For the following cipher, what is the probability of someone without the private key generating a valid public key, using only information from a list of $k$ public keys previously generated with the private key?

This is the cipher:

To generate the private encryption key, $Y$: Let $X$ be an $n$ by $i$ matrix of random integers between $0$ and $9$, inclusive.
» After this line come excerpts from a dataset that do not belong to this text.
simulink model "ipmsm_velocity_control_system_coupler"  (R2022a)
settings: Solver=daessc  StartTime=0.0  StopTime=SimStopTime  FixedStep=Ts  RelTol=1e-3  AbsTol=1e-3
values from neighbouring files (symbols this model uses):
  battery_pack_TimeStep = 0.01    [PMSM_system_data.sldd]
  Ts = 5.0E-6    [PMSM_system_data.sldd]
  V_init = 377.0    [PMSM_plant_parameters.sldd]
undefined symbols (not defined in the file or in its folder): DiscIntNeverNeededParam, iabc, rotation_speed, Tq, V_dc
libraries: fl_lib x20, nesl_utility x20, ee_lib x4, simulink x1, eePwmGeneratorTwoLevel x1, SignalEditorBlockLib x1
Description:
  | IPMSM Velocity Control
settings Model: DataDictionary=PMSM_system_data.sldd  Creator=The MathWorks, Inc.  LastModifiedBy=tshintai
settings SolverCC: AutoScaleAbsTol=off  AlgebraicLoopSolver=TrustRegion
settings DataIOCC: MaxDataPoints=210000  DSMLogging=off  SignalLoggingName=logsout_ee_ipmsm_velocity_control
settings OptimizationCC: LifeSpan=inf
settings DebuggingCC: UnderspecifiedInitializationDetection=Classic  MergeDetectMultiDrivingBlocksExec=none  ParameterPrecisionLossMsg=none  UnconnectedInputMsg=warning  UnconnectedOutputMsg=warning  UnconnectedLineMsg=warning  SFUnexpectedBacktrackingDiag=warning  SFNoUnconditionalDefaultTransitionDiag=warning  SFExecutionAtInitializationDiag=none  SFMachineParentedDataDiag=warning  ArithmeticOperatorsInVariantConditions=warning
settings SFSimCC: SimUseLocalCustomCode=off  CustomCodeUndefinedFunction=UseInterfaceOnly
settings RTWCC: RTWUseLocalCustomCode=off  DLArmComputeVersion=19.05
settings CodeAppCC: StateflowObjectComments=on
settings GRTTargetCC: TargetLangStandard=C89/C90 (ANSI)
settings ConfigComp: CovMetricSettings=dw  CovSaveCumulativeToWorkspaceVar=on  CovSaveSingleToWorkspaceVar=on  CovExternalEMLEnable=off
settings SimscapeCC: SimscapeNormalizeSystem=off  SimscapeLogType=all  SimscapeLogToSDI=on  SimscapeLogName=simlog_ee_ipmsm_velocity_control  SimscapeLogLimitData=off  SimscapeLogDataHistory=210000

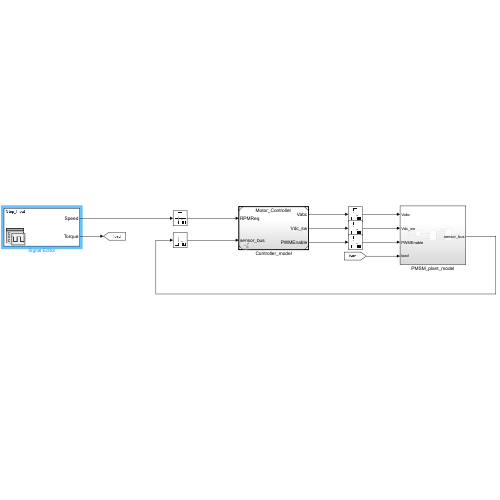
[thumbnail: Simulink's stored preview of the top-level diagram]
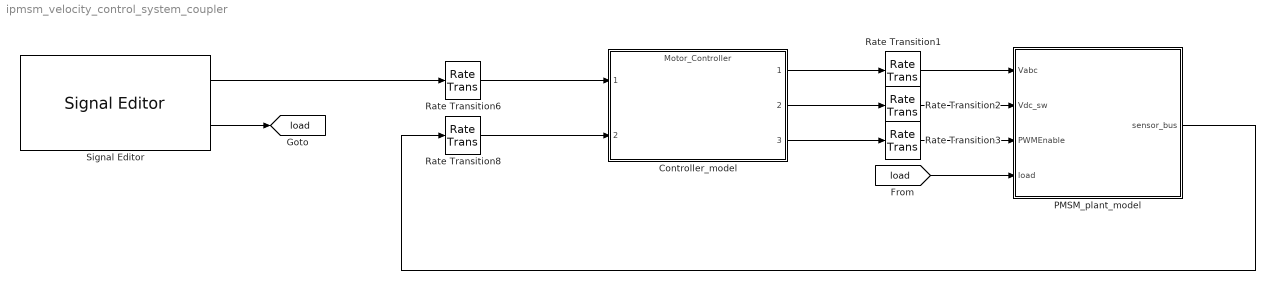
== system ipmsm_velocity_control_system_coupler ==
  Controller_model : ModelReference  ModelNameDialog=Motor_Controller.slx  SimulationMode=Normal  ModelReferenceVersion=4.3
  PMSM_plant_model : Subsystem
  Rate Transition1 : RateTransition
  Rate Transition2 : RateTransition
  Rate Transition3 : RateTransition
  Rate Transition6 : RateTransition  OutPortSampleTime=Tso
  Rate Transition8 : RateTransition  OutPortSampleTime=Tsi
  Signal Editor : SignalEditorBlockLib/Signal Editor  FileName=Motor_Controller_sig.mat  ActiveScenario=Step_Input  ActiveSignal=Speed  IsBus=off  OutputBusObjectStr=Bus: BusObject  SampleTime=0  ZeroCross=off  OutputAfterFinalValue=Holding final value  Unit=inherit  PreserveSignalName=on
  tag scope: load=global
  wires:
  Controller_model/1 -> Rate Transition1/1
  Signal Editor/2 -> [load]
  Signal Editor/1 -> Rate Transition6/1
  Rate Transition1/1 -> PMSM_plant_model/1(Vabc)
  Controller_model/2 -> Rate Transition2/1
  Rate Transition2/1 -> PMSM_plant_model/2(Vdc_sw)
  Rate Transition3/1 -> PMSM_plant_model/3(PWMEnable)
  Controller_model/3 -> Rate Transition3/1
  Rate Transition6/1 -> Controller_model/1
  [load] -> PMSM_plant_model/4(load)
  Rate Transition8/1 -> Controller_model/2
  PMSM_plant_model/1(sensor_bus) -> Rate Transition8/1

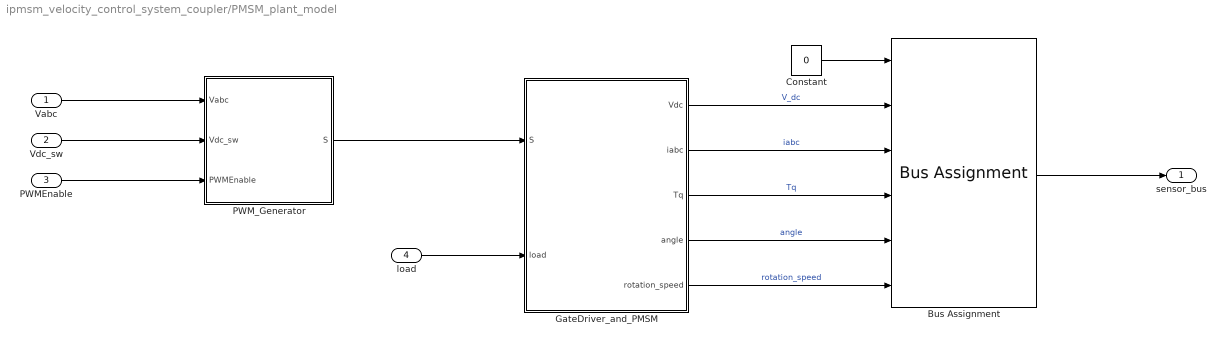
== system ipmsm_velocity_control_system_coupler/PMSM_plant_model ==
  Vabc : Inport
  Vdc_sw : Inport  Port=2
  PWMEnable : Inport  Port=3
  load : Inport  Port=4
  Bus Assignment : BusAssignment  AssignedSignals=V_dc,iabc,Tq,angle,rotation_speed
  Constant : Constant  Value=0  OutDataTypeStr=Bus: sensor_bus
  GateDriver_and_PMSM : Subsystem
  PWM_Generator : Subsystem
  sensor_bus : Outport
  wires:
  Vabc/1 -> PWM_Generator/1(Vabc)
  Vdc_sw/1 -> PWM_Generator/2(Vdc_sw)
  PWMEnable/1 -> PWM_Generator/3(PWMEnable)
  PWM_Generator/1(S) -> GateDriver_and_PMSM/1(S)
  load/1 -> GateDriver_and_PMSM/2(load)
  GateDriver_and_PMSM/1(Vdc) -> Bus Assignment/2  "V_dc"
  GateDriver_and_PMSM/2(iabc) -> Bus Assignment/3  "iabc"
  GateDriver_and_PMSM/3(Tq) -> Bus Assignment/4  "Tq"
  GateDriver_and_PMSM/4(angle) -> Bus Assignment/5  "angle"
  GateDriver_and_PMSM/5(rotation_speed) -> Bus Assignment/6  "rotation_speed"
  Constant/1 -> Bus Assignment/1
  Bus Assignment/1 -> sensor_bus/1

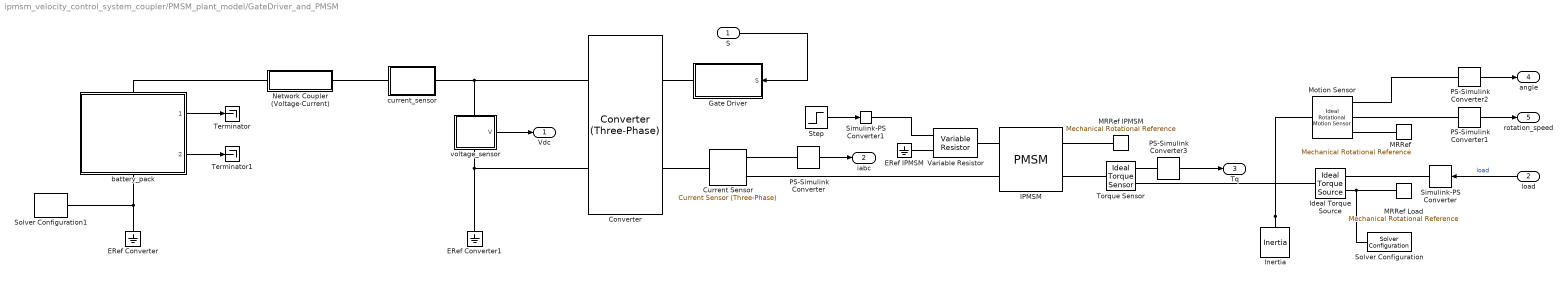
== system ipmsm_velocity_control_system_coupler/PMSM_plant_model/GateDriver_and_PMSM ==
  S : Inport
  load : Inport  Port=2
  Converter : ee_lib/Semiconductors & Converters/Converters/Converter (Three-Phase)  port_option=ee.enum.threePhasePort.composite  device_type=3  Vf=0.8 V  Ron=0.001 Ohm  Rds=0.001 Ohm  Goff=1e-5 1/Ohm  Vgt=1 V  Vgt_off=-1 V  Ih=1 A  Vth=0.5 V  diode_param=2  diode_Vf=0.8 V  diode_Ron=0.001 Ohm  diode_Goff=1e-5 1/Ohm  diode_C=50 nF  diode_iRM=-235 A  diode_iF=300 A  diode_idot=-50 A/us  diode_trr_param=1  diode_trr_factor=3  diode_trr=15 us  diode_Qrr=1.5e+3 s*uA  snubber_type=0  Cs=1e-7 F  Rs=0.1 Ohm
      settings: SourceProductBaseCode=PS
  Current Sensor : ee_lib/Sensors & Transducers/Current Sensor (Three-Phase)
  ERef Converter : fl_lib/Electrical/Electrical Elements/Electrical Reference
      settings: SourceProductBaseCode=PW,SS,VE
  ERef Converter1 : fl_lib/Electrical/Electrical Elements/Electrical Reference
      settings: SourceProductBaseCode=PW,SS,VE
  ERef IPMSM : fl_lib/Electrical/Electrical Elements/Electrical Reference
      settings: SourceProductBaseCode=PW,SS,VE
  Gate Driver : Subsystem
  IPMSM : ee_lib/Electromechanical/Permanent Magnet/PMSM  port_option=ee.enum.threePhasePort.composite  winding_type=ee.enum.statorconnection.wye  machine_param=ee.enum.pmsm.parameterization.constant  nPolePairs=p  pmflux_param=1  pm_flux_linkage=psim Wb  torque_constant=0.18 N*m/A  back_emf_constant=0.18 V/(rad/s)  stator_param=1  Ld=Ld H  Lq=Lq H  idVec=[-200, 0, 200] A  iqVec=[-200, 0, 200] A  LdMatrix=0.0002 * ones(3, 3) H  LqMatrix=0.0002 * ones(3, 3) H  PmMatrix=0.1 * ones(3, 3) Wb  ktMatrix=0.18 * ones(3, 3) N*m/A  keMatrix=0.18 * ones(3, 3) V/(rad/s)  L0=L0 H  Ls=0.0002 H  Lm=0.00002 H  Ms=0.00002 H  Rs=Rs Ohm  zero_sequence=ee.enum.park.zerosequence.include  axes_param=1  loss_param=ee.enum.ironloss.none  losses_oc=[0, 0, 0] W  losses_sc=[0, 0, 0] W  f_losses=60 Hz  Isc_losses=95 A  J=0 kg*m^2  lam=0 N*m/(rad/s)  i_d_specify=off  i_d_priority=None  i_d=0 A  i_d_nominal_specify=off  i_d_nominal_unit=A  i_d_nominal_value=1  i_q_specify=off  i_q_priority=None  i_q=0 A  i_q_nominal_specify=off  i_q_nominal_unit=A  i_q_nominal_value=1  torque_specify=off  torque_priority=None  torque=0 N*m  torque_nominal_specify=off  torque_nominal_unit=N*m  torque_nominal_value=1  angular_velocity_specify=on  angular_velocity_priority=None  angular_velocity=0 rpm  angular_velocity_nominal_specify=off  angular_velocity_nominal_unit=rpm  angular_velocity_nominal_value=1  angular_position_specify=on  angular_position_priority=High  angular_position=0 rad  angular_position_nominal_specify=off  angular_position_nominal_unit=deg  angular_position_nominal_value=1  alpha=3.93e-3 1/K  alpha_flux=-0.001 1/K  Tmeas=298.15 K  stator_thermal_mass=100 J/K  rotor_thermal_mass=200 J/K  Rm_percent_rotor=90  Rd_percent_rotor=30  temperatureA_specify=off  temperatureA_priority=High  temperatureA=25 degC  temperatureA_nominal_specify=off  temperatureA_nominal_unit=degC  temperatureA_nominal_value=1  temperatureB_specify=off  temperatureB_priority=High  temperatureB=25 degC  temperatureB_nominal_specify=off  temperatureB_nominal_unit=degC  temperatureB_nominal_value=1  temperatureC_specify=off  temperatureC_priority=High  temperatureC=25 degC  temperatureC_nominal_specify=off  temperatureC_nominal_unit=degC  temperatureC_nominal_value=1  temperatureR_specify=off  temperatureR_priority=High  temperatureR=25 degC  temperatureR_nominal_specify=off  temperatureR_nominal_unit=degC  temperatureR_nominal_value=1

Let $Y$ be a vector of the $n$ real numbers defined by converting each row in $X$ to a real number between $0$ and $1$, e.g., $x_{1.} = (1, 2, 3)$ becomes $y_{1} = .123$.

To generate public decryption keys, $W$: Create a pair of random $j$-digit numbers between $0$ and $1$ inclusive, $a < b$. Let $Z =$ $R((Y - a/b)^2)$, where $R(.)$ returns the ascending rank order of reals, e.g., $R(23, 44, 2) = (2, 3, 1)$. Let $W = (a, b, Z)$.

To decrypt with public key: Test if $R((Y - w_{1}/w_{2})^2) = (w_{3}, w_{4}, ... , w_{n}).$

The probability of successfully generating a valid $W$ without any information about $Y$ is $1$ out of $n!$. What is the probability of successfully generating a valid $W$ with only the information from $k$ public keys previously generated from $Y$, in terms of $n$, $i$, $j$, and $k$?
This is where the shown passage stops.